Dr Pell will be officially elevated to cardinal status in Rome on October 21. He described the appointment as "a great honour" and "very humbling".
Nothing to hide
November 14, 2012 (Royal commission announced)
Inside, The Courier's report began as follows: CARDINAL George Pell yesterday welcomed a national royal commission into child sexual abuse, calling it a chance to deal with the issue and "to separate fact from fiction".
The Ballarat-born Catholic cleric faced journalists in Sydney, telling a packed press conference that media reports had included "significant exaggeration" of the issue.
Answering all questions put to him, Cardinal Pell spoke on a wide range of issues, including his time in the same parish house as convicted paedophile priest Gerald Ridsdale and his regret for supporting Fr Ridsdale during a 1993 trial. Cardinal Pell said he expected to be called to give evidence against claims he had participated in any cover-up of abuse by priests and would co-operate fully with the royal commission.
Culture of silence
Tuesday, May 28, 2013
AUSTRALIA'S most senior Catholic and former Ballarat priest Cardinal George Pell has admitted that a culture of ignorance and silence led to the scourge of sexual abuse across Victoria.
Within The Courier's reporting reads as follows:
Cynical crowd demands truth from Cardinal -
Cardinal George Pell's appearance at the state government inquiry into institutionalised child abuse was less than convincing yesterday. Cardinal Pell blustered his way through some tough grilling, exchanging particularly terse words with committee member Andrea Coote over any potential church compensation.
He gave long-winded answers, often veered off topic and was critical of a committee decision not to allow him a brief opening statement, which is in line with previous testimonies by anyone dealing with abused children. He constantly defended the church's actions but provoked laughter when he accidentally referred to the Holy See as a company.
A huge crowd turned up for Cardinal Pell's appearance, with the Parliament House Legislative Council committee room and a second viewing area both overflowing. Many of the crowd had waited a long time to hear Cardinal Pell speak, with many of his answers received with cynical laughter. "I've waited 18 years to get this bloke, I can wait a bit longer," one elderly gentleman said to a Parliament House staffer apologising for a slow lift.

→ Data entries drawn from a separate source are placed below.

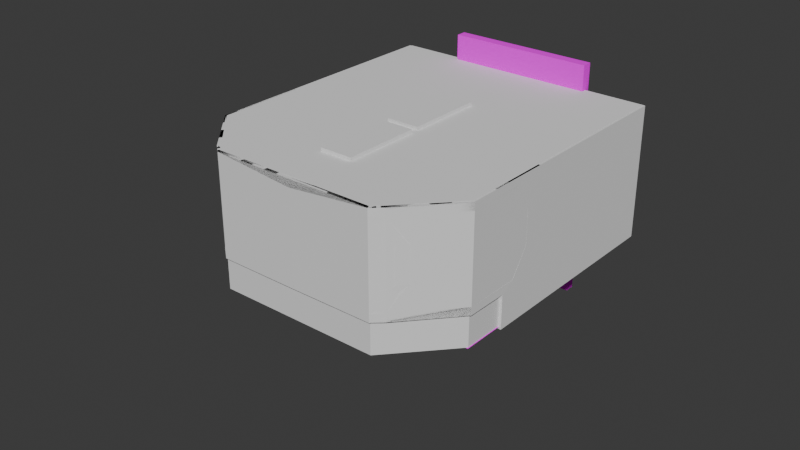 # Source: SM_CockpitBlockout_03.blend  (saved by Blender 4.2.66; exported with 4.5.12 LTS)
import bpy
from mathutils import Matrix  # noqa: F401  (used for matrix-valued properties, if any)

bpy.ops.wm.read_factory_settings(use_empty=True)
scene = bpy.context.scene
scene.name = 'Scene'

# ---- collections
col_collection = bpy.data.collections.new('Collection'); scene.collection.children.link(col_collection)
col_probuilder = bpy.data.collections.new('Probuilder'); scene.collection.children.link(col_probuilder)

# ---- images (referenced by path relative to the original .blend; pixels are not part of the script)
import os
ASSET_DIR = os.environ.get("B2B_ASSET_DIR", "")  # directory of the original .blend (textures are referenced by path, not embedded)
HERE = os.path.dirname(os.path.abspath(__file__))  # packed textures are extracted next to this script under _unpacked/

def load_image(name, relpath, width, height, colorspace="sRGB"):
    """Load a texture the original file referenced (path relative to the .blend, or extracted next to this script)."""
    p = next((c for c in (os.path.join(HERE, relpath), os.path.join(ASSET_DIR, relpath)) if relpath and os.path.exists(c)), "")
    if p:
        img = bpy.data.images.load(p, check_existing=True)
        img.name = name
    else:  # same state as the original file: an image datablock whose file is absent (Cycles renders it pink)
        img = bpy.data.images.new(name, width, height)
        img.source = "FILE"
        img.filepath = "//" + (relpath or name)
    img.colorspace_settings.name = colorspace
    return img
img_gridbox_default_png = load_image('GridBox_Default.png', 'GridBox_Default.png', 1024, 1024, 'sRGB')

# ---- materials (node trees are filled in below, after node groups)
mat_probuilder_default_urp = bpy.data.materials.new('ProBuilder_Default_URP')
mat_probuilder_default_urp.diffuse_color = (1.0, 1.0, 1.0, 1.0)
mat_probuilder_default_urp.roughness = 1.0

# ---- material node trees
mat_probuilder_default_urp.use_nodes = True; mat_probuilder_default_urp.node_tree.nodes.clear()
_N = mat_probuilder_default_urp.node_tree.nodes; _L = mat_probuilder_default_urp.node_tree.links
n0 = _N.new('ShaderNodeBsdfPrincipled'); n0.name = 'Principled BSDF'; n0.location = (0, 300)
n0.inputs[2].default_value = 1.0
n0.inputs[13].default_value = 0.0
n1 = _N.new('ShaderNodeOutputMaterial'); n1.name = 'Material Output'; n1.location = (280, 300)
n2 = _N.new('ShaderNodeTexImage'); n2.name = 'Image Texture'; n2.location = (-480, 300)
n2.image = img_gridbox_default_png
_L.new(n2.outputs[0], n0.inputs[0])
_L.new(n0.outputs[0], n1.inputs[0])
n1.is_active_output = True

# ---- world
world_world = bpy.data.worlds.new('World'); scene.world = world_world
world_world.use_nodes = True; world_world.node_tree.nodes.clear()
_N = world_world.node_tree.nodes; _L = world_world.node_tree.links
n0 = _N.new('ShaderNodeOutputWorld'); n0.name = 'World Output'; n0.location = (300, 300)
n1 = _N.new('ShaderNodeBackground'); n1.name = 'Background'; n1.location = (10, 300)
n1.inputs[0].default_value = (0.05088, 0.05088, 0.05088, 1.0)
_L.new(n1.outputs[0], n0.inputs[0])
n0.is_active_output = True
world_world.color = (0.05088, 0.05088, 0.05088)
world_world.sun_shadow_jitter_overblur = 0.0

# ---- meshes
me_cube_001 = bpy.data.meshes.new('Cube.001')
me_cube_001.from_pydata([(2.572, -0.8964, -0.6458), (2.572, -0.8964, 0.6458), (2.572, 0.5442, -0.6458), (2.572, 0.5442, 0.6458), (0.0, 0.5442, -0.6458), (0.0, 0.5442, 0.09443), (0.0, -0.8964, -0.6458), (0.0, -0.8964, 0.6458), (0.2659, 0.5442, 0.09443), (0.6869, -0.1504, 0.6458), (1.688, -0.1504, 0.6458), (2.117, 0.5442, 0.6458), (0.2659, -0.8964, -0.6458), (0.6869, -0.8964, -0.6458), (1.688, -0.8964, -0.6458), (2.117, -0.8964, -0.6458), (2.117, 0.5442, -0.6458), (1.688, -0.1504, -0.6458), (0.6869, -0.1504, -0.6458), (0.2659, 0.5442, -0.6458), (2.117, -0.8964, 0.6458), (1.688, -0.8964, 0.6458), (0.6869, -0.8964, 0.6458), (0.2659, -0.8964, 0.6458), (3.243, -0.8964, -0.6458), (3.243, -0.8964, -0.3819), (3.243, 0.5442, -0.6458), (3.243, 0.5442, -0.3819), (0.2659, -0.1504, 0.6458), (0.0, -0.1504, 0.6458)], [], [(16, 11, 3, 2), (3, 1, 25, 27), (16, 2, 0, 15), (8, 5, 29, 28), (12, 23, 7, 6), (0, 1, 20, 15), (15, 20, 21, 14), (14, 21, 22, 13), (13, 22, 23, 12), (3, 11, 20, 1), (11, 10, 21, 20), (10, 9, 22, 21), (9, 28, 23, 22), (4, 19, 12, 6), (19, 18, 13, 12), (18, 17, 14, 13), (17, 16, 15, 14), (4, 5, 8, 19), (19, 8, 9, 18), (18, 9, 10, 17), (17, 10, 11, 16), (26, 27, 25, 24), (2, 3, 27, 26), (1, 0, 24, 25), (0, 2, 26, 24), (28, 29, 7, 23), (28, 9, 8)])
_uv = me_cube_001.uv_layers.new(name='UVMap')
_uv.uv.foreach_set('vector', [0.375, 0.475, 0.625, 0.475, 0.625, 0.5, 0.375, 0.5, 0.625, 0.5, 0.625, 0.75, 0.625, 0.75, 0.625, 0.5, 0.35, 0.5, 0.375, 0.5, 0.375, 0.75, 0.35, 0.75, 0.725, 0.5, 0.75, 0.5, 0.75, 0.5969, 0.725, 0.5969, 0.375, 0.85, 0.625, 0.85, 0.625, 0.875, 0.375, 0.875, 0.375, 0.75, 0.625, 0.75, 0.625, 0.775, 0.375, 0.775, 0.375, 0.775, 0.625, 0.775, 0.625, 0.8, 0.375, 0.8, 0.375, 0.8, 0.625, 0.8, 0.625, 0.825, 0.375, 0.825, 0.375, 0.825, 0.625, 0.825, 0.625, 0.85, 0.375, 0.85, 0.625, 0.5, 0.65, 0.5, 0.65, 0.75, 0.625, 0.75, 0.65, 0.5, 0.675, 0.5, 0.675, 0.75, 0.65, 0.75, 0.675, 0.5, 0.7, 0.5, 0.7, 0.75, 0.675, 0.75, 0.7, 0.5, 0.725, 0.5969, 0.725, 0.75, 0.7, 0.75, 0.25, 0.5, 0.275, 0.5, 0.275, 0.75, 0.25, 0.75, 0.275, 0.5, 0.3, 0.5, 0.3, 0.75, 0.275, 0.75, 0.3, 0.5, 0.325, 0.5, 0.325, 0.75, 0.3, 0.75, 0.325, 0.5, 0.35, 0.5, 0.35, 0.75, 0.325, 0.75, 0.375, 0.375, 0.625, 0.375, 0.625, 0.4, 0.375, 0.4, 0.375, 0.4, 0.625, 0.4, 0.625, 0.425, 0.375, 0.425, 0.375, 0.425, 0.625, 0.425, 0.625, 0.45, 0.375, 0.45, 0.375, 0.45, 0.625, 0.45, 0.625, 0.475, 0.375, 0.475, 0.375, 0.5, 0.625, 0.5, 0.625, 0.75, 0.375, 0.75, 0.375, 0.5, 0.625, 0.5, 0.625, 0.5, 0.375, 0.5, 0.625, 0.75, 0.375, 0.75, 0.375, 0.75, 0.625, 0.75, 0.375, 0.75, 0.375, 0.5, 0.375, 0.5, 0.375, 0.75, 0.725, 0.5969, 0.75, 0.5969, 0.75, 0.75, 0.725, 0.75, 0.725, 0.5969, 0.7, 0.5, 0.725, 0.5])
me_cube_001.update()
me_cube_002 = bpy.data.meshes.new('Cube.002')
me_cube_002.from_pydata([(-3.209, -2.955, 0.5209), (-3.209, 12.78, 0.5209), (0.0, 12.78, 0.3994), (0.0, 12.78, 0.5209), (0.0, -2.955, 0.3994), (0.0, -2.955, 0.5209), (-2.517, -2.955, 0.5209), (-2.517, 12.78, 0.5209), (-3.209, -2.955, 0.4374), (-2.519, -2.955, -0.2518), (-2.519, 12.78, -0.2518), (-3.209, 12.78, 0.4374), (-1.347, 12.78, 0.5209), (-1.347, -2.955, 0.5209), (-1.348, -2.955, -0.2518), (-1.348, 12.78, -0.2518), (-0.886, 12.78, 0.5209), (-0.8864, -2.955, 0.3994), (-0.886, -2.955, 0.5209), (-0.8864, 12.78, 0.3994), (-6.764, -0.137, 0.5209), (-6.764, 12.78, 0.5209), (-6.764, -0.137, 0.4374), (-6.764, 12.78, 0.4374), (-4.053, 12.78, 0.5209), (-4.106, -2.955, 0.5209), (-4.106, -2.955, 0.4374), (-4.053, 12.78, 0.4374)], [], [(9, 6, 0, 8), (10, 11, 1, 7), (7, 1, 0, 6), (19, 2, 4, 17), (19, 16, 3, 2), (25, 24, 21, 20), (12, 7, 6, 13), (14, 13, 6, 9), (10, 9, 8, 11), (17, 18, 13, 14), (16, 12, 13, 18), (10, 7, 12, 15), (10, 15, 14, 9), (3, 16, 18, 5), (4, 5, 18, 17), (15, 12, 16, 19), (15, 19, 17, 14), (22, 20, 21, 23), (26, 25, 20, 22), (24, 27, 23, 21), (27, 26, 22, 23), (11, 8, 26, 27), (1, 11, 27, 24), (8, 0, 25, 26), (0, 1, 24, 25)])
_uv = me_cube_002.uv_layers.new(name='UVMap')
_uv.uv.foreach_set('vector', [0.375, 0.9731, 0.625, 0.9731, 0.625, 1.0, 0.598, 1.0, 0.375, 0.2769, 0.598, 0.25, 0.625, 0.25, 0.625, 0.2769, 0.8481, 0.5, 0.875, 0.5, 0.875, 0.75, 0.8481, 0.75, 0.2301, 0.5, 0.25, 0.5, 0.25, 0.75, 0.2301, 0.75, 0.375, 0.3551, 0.625, 0.3551, 0.625, 0.375, 0.375, 0.375, 0.875, 0.75, 0.875, 0.5, 0.875, 0.5, 0.875, 0.75, 0.7898, 0.5, 0.8481, 0.5, 0.8481, 0.75, 0.7898, 0.75, 0.375, 0.9148, 0.625, 0.9148, 0.625, 0.9731, 0.375, 0.9731, 0.1519, 0.5, 0.1519, 0.75, 0.125, 0.75, 0.125, 0.5, 0.375, 0.8949, 0.625, 0.8949, 0.625, 0.9148, 0.375, 0.9148, 0.7699, 0.5, 0.7898, 0.5, 0.7898, 0.75, 0.7699, 0.75, 0.375, 0.2769, 0.625, 0.2769, 0.625, 0.3352, 0.375, 0.3352, 0.1519, 0.5, 0.2102, 0.5, 0.2102, 0.75, 0.1519, 0.75, 0.75, 0.5, 0.7699, 0.5, 0.7699, 0.75, 0.75, 0.75, 0.375, 0.875, 0.625, 0.875, 0.625, 0.8949, 0.375, 0.8949, 0.375, 0.3352, 0.625, 0.3352, 0.625, 0.3551, 0.375, 0.3551, 0.2102, 0.5, 0.2301, 0.5, 0.2301, 0.75, 0.2102, 0.75, 0.598, 0.0, 0.625, 0.0, 0.625, 0.25, 0.598, 0.25, 0.598, 1.0, 0.625, 1.0, 0.625, 1.0, 0.598, 1.0, 0.625, 0.25, 0.598, 0.25, 0.598, 0.25, 0.625, 0.25, 0.125, 0.5, 0.125, 0.75, 0.125, 0.75, 0.125, 0.5, 0.125, 0.5, 0.125, 0.75, 0.125, 0.75, 0.125, 0.5, 0.625, 0.25, 0.598, 0.25, 0.598, 0.25, 0.625, 0.25, 0.598, 1.0, 0.625, 1.0, 0.625, 1.0, 0.598, 1.0, 0.875, 0.75, 0.875, 0.5, 0.875, 0.5, 0.875, 0.75])
me_cube_002.update()
me_cube_003 = bpy.data.meshes.new('Cube.003')
me_cube_003.from_pydata([(-1.0, -1.0, -1.0), (-1.0, -1.0, 1.0), (-1.0, 1.0, -1.0), (-1.0, 1.0, 1.0), (1.0, -1.0, -1.0), (1.0, -1.0, 1.0), (1.0, 1.0, -1.0), (1.0, 1.0, 1.0)], [], [(0, 1, 3, 2), (2, 3, 7, 6), (6, 7, 5, 4), (4, 5, 1, 0), (2, 6, 4, 0), (7, 3, 1, 5)])
_uv = me_cube_003.uv_layers.new(name='UVMap')
_uv.uv.foreach_set('vector', [0.375, 0.0, 0.625, 0.0, 0.625, 0.25, 0.375, 0.25, 0.375, 0.25, 0.625, 0.25, 0.625, 0.5, 0.375, 0.5, 0.375, 0.5, 0.625, 0.5, 0.625, 0.75, 0.375, 0.75, 0.375, 0.75, 0.625, 0.75, 0.625, 1.0, 0.375, 1.0, 0.125, 0.5, 0.375, 0.5, 0.375, 0.75, 0.125, 0.75, 0.625, 0.5, 0.875, 0.5, 0.875, 0.75, 0.625, 0.75])
me_cube_003.update()
me_cube_004 = bpy.data.meshes.new('Cube.004')
me_cube_004.from_pydata([(-1.0, -1.0, -1.0), (-1.0, -1.0, 1.0), (-1.0, 1.0, -1.0), (-1.0, 1.0, 1.0), (1.0, -1.0, -1.0), (1.0, -1.0, 1.0), (1.0, 1.0, -1.0), (1.0, 1.0, 1.0)], [], [(0, 1, 3, 2), (2, 3, 7, 6), (6, 7, 5, 4), (4, 5, 1, 0), (2, 6, 4, 0), (7, 3, 1, 5)])
_uv = me_cube_004.uv_layers.new(name='UVMap')
_uv.uv.foreach_set('vector', [0.375, 0.0, 0.625, 0.0, 0.625, 0.25, 0.375, 0.25, 0.375, 0.25, 0.625, 0.25, 0.625, 0.5, 0.375, 0.5, 0.375, 0.5, 0.625, 0.5, 0.625, 0.75, 0.375, 0.75, 0.375, 0.75, 0.625, 0.75, 0.625, 1.0, 0.375, 1.0, 0.125, 0.5, 0.375, 0.5, 0.375, 0.75, 0.125, 0.75, 0.625, 0.5, 0.875, 0.5, 0.875, 0.75, 0.625, 0.75])
me_cube_004.update()
me_cube_005 = bpy.data.meshes.new('Cube.005')
me_cube_005.from_pydata([(-1.757, -0.5341, -0.4443), (-1.757, -0.5341, 0.4443), (-1.347, -0.2962, -0.3576), (-1.347, 0.4444, 0.3576), (1.757, -0.5341, -0.4443), (1.757, -0.5341, 0.4443), (1.347, -0.2962, -0.3576), (1.347, 0.4444, 0.3576), (-1.757, -0.5341, 1.14), (-1.757, 0.5341, 1.14), (1.757, -0.5341, 1.14), (1.757, 0.5341, 1.14), (-1.757, 0.5341, 0.4443), (-1.757, -0.386, -0.4443), (1.757, -0.386, -0.4443), (1.757, 0.5341, 0.4443), (-1.347, 0.5077, 0.292), (-1.347, -0.2328, -0.4232), (1.347, -0.2328, -0.4232), (1.347, 0.5077, 0.292), (1.347, -0.5158, -0.5697), (-1.347, -0.5158, -0.5697), (1.347, -0.4524, -0.6353), (-1.347, -0.4524, -0.6353)], [], [(0, 1, 12, 13), (3, 7, 19, 16), (14, 15, 5, 4), (4, 5, 1, 0), (13, 14, 4, 0), (5, 15, 11, 10), (11, 9, 8, 10), (12, 1, 8, 9), (1, 5, 10, 8), (15, 12, 9, 11), (3, 2, 13, 12), (2, 6, 14, 13), (7, 3, 12, 15), (6, 7, 15, 14), (17, 16, 19, 18), (2, 3, 16, 17), (7, 6, 18, 19), (17, 18, 22, 23), (20, 21, 23, 22), (2, 17, 23, 21), (6, 2, 21, 20), (18, 6, 20, 22)])
_uv = me_cube_005.uv_layers.new(name='UVMap')
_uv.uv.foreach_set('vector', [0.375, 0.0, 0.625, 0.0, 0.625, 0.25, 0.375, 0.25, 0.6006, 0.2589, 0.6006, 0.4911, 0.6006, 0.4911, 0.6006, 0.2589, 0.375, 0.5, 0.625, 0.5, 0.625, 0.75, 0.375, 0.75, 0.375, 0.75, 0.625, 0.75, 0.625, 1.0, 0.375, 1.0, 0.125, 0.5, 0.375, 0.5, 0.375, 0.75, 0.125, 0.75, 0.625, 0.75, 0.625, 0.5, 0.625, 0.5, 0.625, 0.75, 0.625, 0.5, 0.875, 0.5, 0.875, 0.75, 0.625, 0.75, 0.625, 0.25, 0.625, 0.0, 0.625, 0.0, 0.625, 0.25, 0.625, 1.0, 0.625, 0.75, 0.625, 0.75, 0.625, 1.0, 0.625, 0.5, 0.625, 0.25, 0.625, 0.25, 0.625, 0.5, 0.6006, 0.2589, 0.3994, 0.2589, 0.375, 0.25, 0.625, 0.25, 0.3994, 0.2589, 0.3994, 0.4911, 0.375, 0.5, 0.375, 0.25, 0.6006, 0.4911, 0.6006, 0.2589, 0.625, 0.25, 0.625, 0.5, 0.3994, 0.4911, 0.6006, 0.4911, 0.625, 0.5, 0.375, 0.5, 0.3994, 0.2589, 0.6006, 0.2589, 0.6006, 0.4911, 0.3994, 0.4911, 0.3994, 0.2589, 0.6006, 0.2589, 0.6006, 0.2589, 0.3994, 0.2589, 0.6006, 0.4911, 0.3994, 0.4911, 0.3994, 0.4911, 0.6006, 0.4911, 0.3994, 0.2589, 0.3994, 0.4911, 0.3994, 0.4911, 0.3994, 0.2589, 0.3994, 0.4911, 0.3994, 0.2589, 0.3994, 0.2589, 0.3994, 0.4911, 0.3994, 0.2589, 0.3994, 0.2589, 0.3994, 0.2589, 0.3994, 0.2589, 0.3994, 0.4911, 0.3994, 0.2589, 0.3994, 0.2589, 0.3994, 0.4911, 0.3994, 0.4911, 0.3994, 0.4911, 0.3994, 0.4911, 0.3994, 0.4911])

Pell to return to face accusers
June 30, 2017
What it said on the front page: Sexual abuse charges laid against Australia's highest-ranked Catholic have grabbed headlines worldwide, but survivors say Ballarat must stay committed to the wider issue. Police were tight-lipped about details of the historical abuse charges against Ballarat's Cardinal George Pell and maintained court proceedings must be allowed to proceed unhindered. Cardinal Pell, who vehemently protests his innocence, released a statement within hours saying he welcomed his day in court and would return to Australia for the hearing.
Inside: CARDINAL George Pell will take leave from his position as the Vatican's finance chief to return to Australia to fight historical sexual charges. Victoria Police on Thursday charged by summons the 76-year-old high-ranking Catholic cleric with offences against multiple complainants. Australia's most senior Catholic says he is innocent and wants his day in court after being charged on summons with historical sexual assault offences involving multiple complainants.
Pope Francis has granted Cardinal Pell a leave of absence to return to Australia to defend himself. "I'm looking forward, finally, to having my day in court," Cardinal Pell said. "I'm innocent of these charges. They are false. The whole idea of sexual abuse is abhorrent to me.
Where to from here?
February 27, 2019
The Courier's front page on the day the reporting ban in George Pell's conviction was lifted.
The front page intro: Almost three years to the day since Cardinal George Pell made promises to sexual abuse survivors about healing in Ballarat, news broke about him being found guilty of child sex offences. While the cardinal maintains his innocence, Ballarat's survivor advocates are asking what the next steps are in repairing the damage.